Records excerpted from a collection:
Segment Open

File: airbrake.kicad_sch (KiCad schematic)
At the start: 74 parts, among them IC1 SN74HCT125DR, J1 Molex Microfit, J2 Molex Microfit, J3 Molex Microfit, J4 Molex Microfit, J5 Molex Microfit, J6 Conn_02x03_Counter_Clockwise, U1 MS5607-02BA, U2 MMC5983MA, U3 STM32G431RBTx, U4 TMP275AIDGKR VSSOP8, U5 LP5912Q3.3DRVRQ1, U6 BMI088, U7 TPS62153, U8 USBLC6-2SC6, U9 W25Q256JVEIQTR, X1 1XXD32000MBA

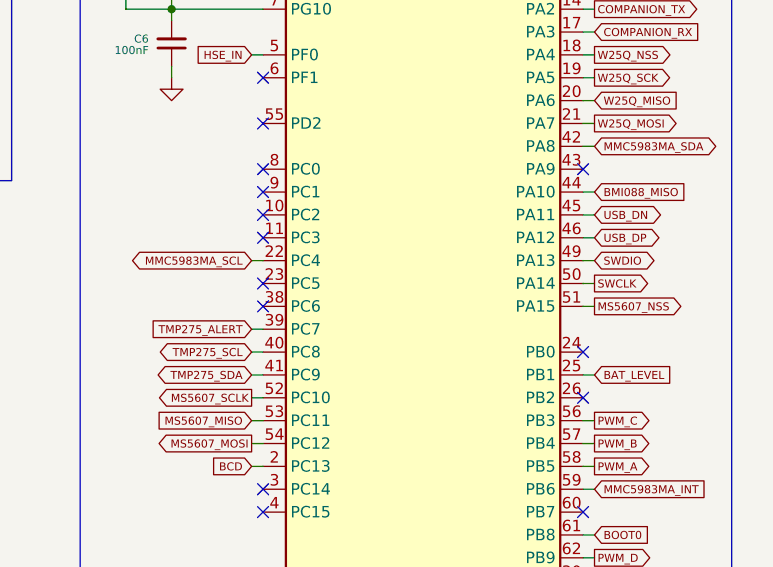
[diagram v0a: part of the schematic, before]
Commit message: feat(pcb): trace routing
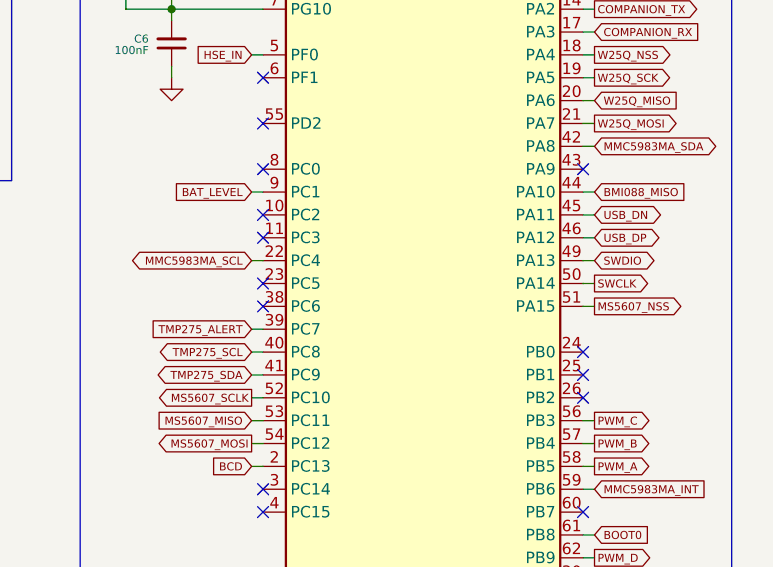
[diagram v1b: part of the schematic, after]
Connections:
- net BAT_LEVEL: now also U3.9 (PC1); no longer U3.25 (PB1)
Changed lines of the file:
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@@
 	)
 	(no_connect
+		(at 228.6 58.42)
+	)
+	(no_connect
 		(at 135.89 35.56)
 	)
@@
 	)
 	(no_connect
-		(at 228.6 58.42)
-	)
-	(no_connect
 		(at 228.6 45.72)
 	)
 	(no_connect
-		(at 181.61 33.02)
+		(at 264.16 73.66)
 	)
 	(no_connect
-		(at 228.6 53.34)
+		(at 181.61 33.02)
 	)
 	(wire
@@
 	(wire
 		(pts
+			(xy 227.33 53.34) (xy 228.6 53.34)
+		)
+		(stroke
+			(width 0)
+			(type default)
+		)
+	)
+	(wire
+		(pts
 			(xy 123.19 101.6) (xy 127 101.6)
 		)
@@
 	(wire
 		(pts
-			(xy 265.43 73.66) (xy 264.16 73.66)
-		)
-		(stroke
-			(width 0)
-			(type default)
-		)
-	)
-	(wire
-		(pts
 			(xy 193.04 102.87) (xy 194.31 102.87)
 		)
@@
 		)
 	)
+	(global_label "BAT_LEVEL"
+		(shape input)
+		(at 227.33 53.34 180)
+		(fields_autoplaced yes)
+		(effects
+			(font
+				(size 0.889 0.889)
+			)
+			(justify right)
+		)
+		(property "Intersheetrefs" "${INTERSHEET_REFS}"
+			(at 218.4249 53.34 0)
+			(effects
+				(font
+					(size 1.27 1.27)
+				)
+				(justify right)
+				(hide yes)
+			)
+		)
+	)
 	(global_label "W25Q_WP"
 		(shape input)
@@
 			(effects
 				(font
-					(size 1.27 1.27)
-				)
-				(justify left)
-				(hide yes)
-			)
-		)
-	)
-	(global_label "BAT_LEVEL"
-		(shape input)
-		(at 265.43 73.66 0)
-		(fields_autoplaced yes)
-		(effects
-			(font
-				(size 0.889 0.889)
-			)
-			(justify left)
-		)
-		(property "Intersheetrefs" "${INTERSHEET_REFS}"
-			(at 274.3351 73.66 0)
-			(effects
-				(font

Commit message: release: rev1
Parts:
- removed C22: 1nF, Capacitor_SMD:C_0402_1005Metric_Pad0.74x0.62mm_HandSolder, symbol Device:C_Small
- removed C25: 10pF, Capacitor_SMD:C_0402_1005Metric_Pad0.74x0.62mm_HandSolder, symbol Device:C_Small
- removed C28, C29: 10uF, Capacitor_SMD:C_0402_1005Metric_Pad0.74x0.62mm_HandSolder, symbol Device:C_Small
- removed R17: 5.1k, Resistor_SMD:R_0402_1005Metric_Pad0.72x0.64mm_HandSolder, symbol Device:R_Small
- removed USB1: C169130, EasyEDA:USB-C-SMD_TYPE-C3.1-02, symbol EasyEDA:C169130
- removed X1: 1XXD32000MBA, EasyEDA:OSC-SMD_4P-L2.0-W1.6-BL_1XXD, symbol EasyEDA:1XXD32000MBA
- added USB1: 10172013-00011LF, SamacSys:1017201300011LF, symbol SamacSys:10172013-00011LF
- added X1: ECS-TXO-32CSMV-320-AN-TR, SamacSys:ECSTXO32CSMV320ANTR, symbol SamacSys:ECS-TXO-32CSMV-320-AN-TR
- C13, C16: footprint Capacitor_SMD:C_0402_1005Metric_Pad0.74x0.62mm_HandSolder -> Capacitor_SMD:C_1206_3216Metric_Pad1.33x1.80mm_HandSolder
- C24: value 100nF -> 10nF
- D1: footprint EasyEDA:SOD-123_L2.8-W1.8-LS3.7-RD -> SamacSys:SOD3716X135N; symbol EasyEDA:MMSZ4683T1G -> SamacSys:MMSZ4683T1G; Arrow Part Number (none) -> MMSZ4683T1G; Arrow Price/Stock (none) -> https://www.arrow.com/en/products/mmsz4683t1g/on-semiconduc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; Height (none) -> 1.35; LCSC Part C235985 -> (none); Manufacturer_Name (none) -> onsemi; Manufacturer_Part_Number (none) -> MMSZ4683T1G; Mouser Part Number (none) -> 863-MMSZ4683T1G; Mouser Price/Stock (none) -> https://www.mouser.co.uk/ProductDetail/onsemi/MMSZ4683T1G?q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
- D2: footprint Samacsys:DIOM7959X262N -> SamacSys:DIOM7959X262N
- D3, D4: footprint Samacsys:SODFL3616X98N -> SamacSys:SODFL3616X98N
- IC1: footprint Samacsys:SOIC127P600X175-14N -> SamacSys:SOIC127P600X175-14N
- L1: footprint Inductor_SMD:L_Coilcraft_XxL4020 -> SamacSys:XFL4020472MEC; Height (none) -> 2.1; Manufacturer_Name (none) -> COILCRAFT; Manufacturer_Part_Number (none) -> XFL4020-472MEC; Mouser Part Number (none) -> 994-XFL4020-472MEC; Mouser Price/Stock (none) -> https://www.mouser.co.uk/ProductDetail/Coilcraft/XFL4020-47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
- R13: value 100k -> 5.1k
- R14: value 5.1k -> 10k
- R15: value 10k -> 22k
- R16: value 22k -> 5.1k
- U1: value MS5607-02BA -> MS560702BA03-50; Arrow Part Number (none) -> MS560702BA03-50; Arrow Price/Stock (none) -> https://www.arrow.com/en/products/ms560702ba03-50/te-connec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; Manufacturer_Name (none) -> TE Connectivity; Manufacturer_Part_Number (none) -> MS560702BA03-50; Mouser Part Number (none) -> 824-MS560702BA03-50; Mouser Price/Stock (none) -> https://www.mouser.co.uk/ProductDetail/Measurement-Specialt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
- U2: footprint EasyEDA:LGA-16_L3.0-W3.0-P0.50-BL_SQ -> SamacSys:MMC5983MA
- U4: value TMP275AIDGKR VSSOP8 -> TMP275AIDGKR; footprint EasyEDA:VSSOP-8_L3.0-W3.0-P0.65-LS5.0-BL -> SamacSys:SOP65P490X110-8N; symbol EasyEDA:TMP275AIDGKRVSSOP8 -> SamacSys:TMP275AIDGKR; Arrow Part Number (none) -> TMP275AIDGKR; Arrow Price/Stock (none) -> https://www.arrow.com/en/products/tmp275aidgkr/texas-instru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; Height (none) -> 1.1; LCSC Part C87815 -> (none); Manufacturer_Name (none) -> Texas Instruments; Manufacturer_Part_Number (none) -> TMP275AIDGKR; Mouser Part Number (none) -> 595-TMP275AIDGKR; Mouser Price/Stock (none) -> https://www.mouser.co.uk/ProductDetail/Texas-Instruments/TM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
- U5: Arrow Part Number (none) -> LP5912Q3.3DRVTQ1; Arrow Price/Stock (none) -> https://www.arrow.com/en/products/lp5912q3.3drvtq1/texas-in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; Height (none) -> 0.8; Manufacturer_Name (none) -> Texas Instruments; Manufacturer_Part_Number (none) -> LP5912Q3.3DRVTQ1; Mouser 595-LP5912Q3.3DRVRQ1 -> (none); Mouser Part Number (none) -> 595-LP5912Q3.3DRVTQ1; Mouser Price/Stock (none) -> https://www.mouser.co.uk/ProductDetail/Texas-Instruments/LP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
- U9: footprint EasyEDA:WSON-8_L8.0-W6.10-P1.27-BL-EP -> SamacSys:SON127P800X600X80-9N-D; symbol EasyEDA:W25Q256JVEIQTR -> SamacSys:W25Q256JVEIQ_TR; Arrow Part Number (none) -> W25Q256JVEIQ TR; Arrow Price/Stock (none) -> https://www.arrow.com/en/products/w25q256jveiqtr/winbond-el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; Height (none) -> 0.8; Manufacturer_Name (none) -> Winbond; Manufacturer_Part_Number (none) -> W25Q256JVEIQ TR; Mouser Part Number (none) -> 454-W25Q256JVEIQTR; Mouser Price/Stock (none) -> https://www.mouser.co.uk/ProductDetail/Winbond/W25Q256JVEIQ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
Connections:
- net +3.3V: now also X1.4 (VDD); no longer C24.1
- net BCD: now also R14.2, R15.1; no longer R15.2, R16.1
- net D+: now also USB1.A6 (DP1), USB1.B6 (DP2)
- net D-: now also USB1.A7 (DN1), USB1.B7 (DN2)
- net GND: now also R13.1, R15.2, USB1.1 (MH1), USB1.2 (MH2), USB1.3 (MH3), USB1.4 (MH4), USB1.A1 (GND_1), USB1.A12 (GND_2), X1.1 (GROUND_1), X1.2 (GROUND_2); no longer C24.2, R13.2, R14.2
- net HSE_IN: now also C24.1; no longer R13.1
- net VBUS: now also R14.1, USB1.A4 (VBUS_1), USB1.A9 (VBUS_2); no longer R15.1
- new net: R16.1, USB1.B5 (CC2)
- new net: C24.2, X1.3 (OUTPUT)
- new net: R13.2, USB1.A5 (CC1)
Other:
- note removed: "2 pad only for 4 VBUS"
- moved on the sheet: C12, C27, C5, R1, R2, U2

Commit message: feat: v1
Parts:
- C10, C11, C12, C2, C3, C4, C5, C6, C7, C8, C9: footprint Capacitor_SMD:C_0402_1005Metric_Pad0.74x0.62mm_HandSolder -> Capacitor_SMD:C_0402_1005Metric
- D2: footprint SamacSys:DIOM7959X262N -> Diode_SMD:D_SMA
- H1, H2, H3, H4: now not fitted
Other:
- company: CUHAR -> PatrickChoDev
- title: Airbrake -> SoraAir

Segment Closed

**What needs to be done**
Which lines above hold the string "property"? Copy each of them.

**Problem solution**
+		(property "Intersheetrefs" "${INTERSHEET_REFS}"
-		(property "Intersheetrefs" "${INTERSHEET_REFS}"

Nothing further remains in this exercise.